Kementerian Luar Negeri menyerukan pemerintah Israel untuk mengakhiri sikap ‘obstruktif’, menghormati Perjanjian Sementara Oslo 1995.

BERITATURKI.COM, Ankara – Turki pada hari Jumat (30/04/2021) meminta pemerintah Israel untuk mengakhiri sikap “menghalangi” dan memfasilitasi pemilihan Palestina.

Kementerian Luar Negeri mengatakan dalam sebuah pernyataan bahwa Turki sedih dengan berita bahwa pemilihan parlemen dan presiden Palestina – yang akan diadakan untuk pertama kalinya sejak tahun 2006 di negara itu – ditunda sebagai hasil dari pertemuan yang diadakan pada hari Kamis dengan partisipasi kelompok Palestina.

Alasan utama untuk menunda pemungutan suara, kata pernyataan itu, adalah bahwa Israel tidak menanggapi seruan pemerintah Palestina untuk mengadakan pemilihan di Yerusalem Timur dan tidak mengizinkan kampanye pemilihan dilakukan.

“Kami menyerukan kepada Pemerintah Israel untuk mengakhiri kebijakan yang menghalangi dan untuk menghormati ketentuan Perjanjian Sementara Oslo 1995, sehingga pemilihan Palestina akan dilakukan secepat mungkin,” katanya.

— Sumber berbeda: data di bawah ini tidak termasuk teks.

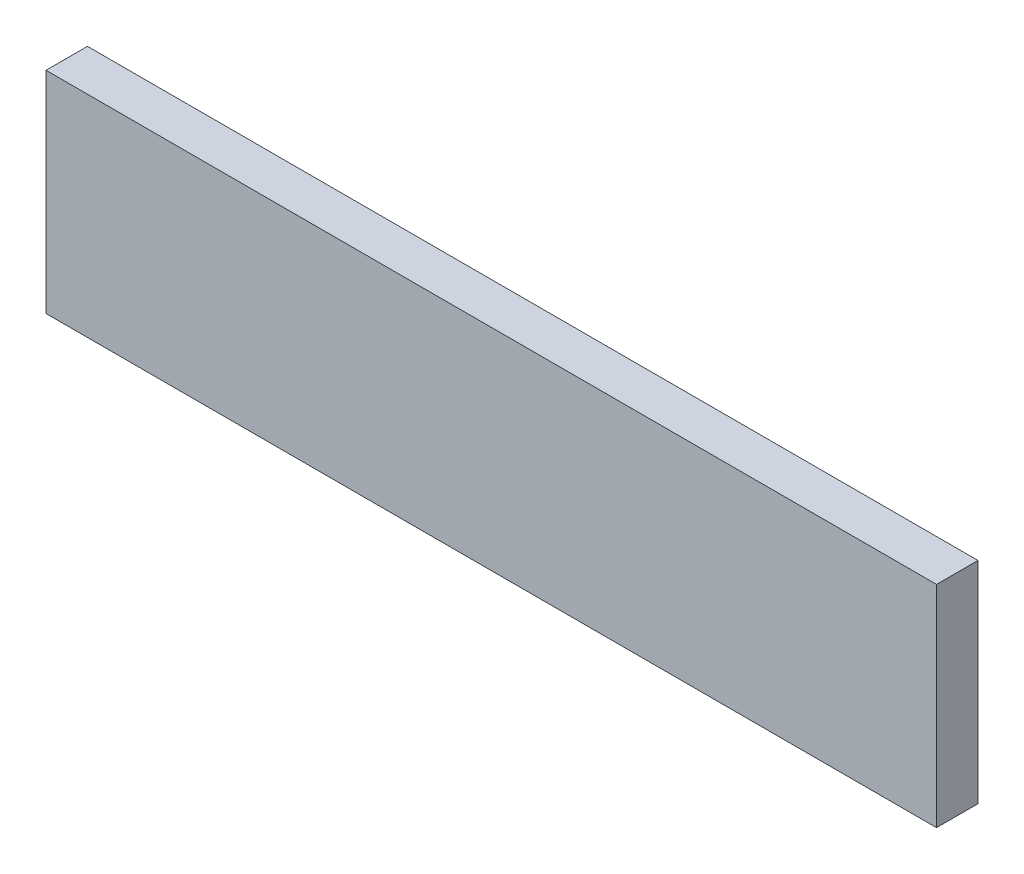
SolidWorks part; units mm, degrees
material "轻木"
ref_plane "Front" through (0, 0, 0) normal (0, 0, 1) x (1, 0, 0)
ref_plane "Top" through (0, 0, 0) normal (0, 1, 0) x (1, 0, 0)
ref_plane "Right" through (0, 0, 0) normal (1, 0, 0) x (0, 0, -1)
sketch "草图1" plane through (0, 0, 0) normal (0, 0, 1) x (1, 0, 0)
  line L1 (0, 0) -> (322.1, 0)
  line L2 (0, 0) -> (0, 76.2)
  line L3 (0, 76.2) -> (322.1, 76.2)
  line L4 (322.1, 0) -> (322.1, 76.2)
  dimension "D1" = 322.1
  dimension "D2" = 76.2
extrude "凸台-拉伸1" add sketch "草图1" along normal blind 15

“Pada catatan terpisah, kami berharap bahwa keputusan untuk menunda pemilu tidak akan berdampak negatif pada proses rekonsiliasi intra-Palestina, yang sangat penting bagi negara kami. Kami mendorong semua kelompok Palestina untuk terus bekerja menuju persatuan dan rekonsiliasi,” bunyi pernyataan itu.

Sebelumnya, Palestina diperkirakan akan menggelar pemilu legislatif pada 22 Mei dan pemilu presiden pada 31 Juli untuk pertama kalinya dalam 15 tahun.

Presiden Palestina Mahmoud Abbas Kamis mengatakan mereka tidak akan mengadakan pemilihan dengan Yerusalem dikecualikan dari pemungutan suara.

“Kami tidak akan ikut pemilu tanpa Yerusalem yang diduduki, saya ingin pemilu di Yerusalem seperti di Tepi Barat,” kata Abbas dalam pidato yang disiarkan televisi.

Dia mengatakan pihak Israel belum memberikan jawaban atas permintaan Palestina untuk mengadakan pemungutan suara di Yerusalem “karena tidak ada pemerintah Israel yang mengambil keputusan seperti itu.”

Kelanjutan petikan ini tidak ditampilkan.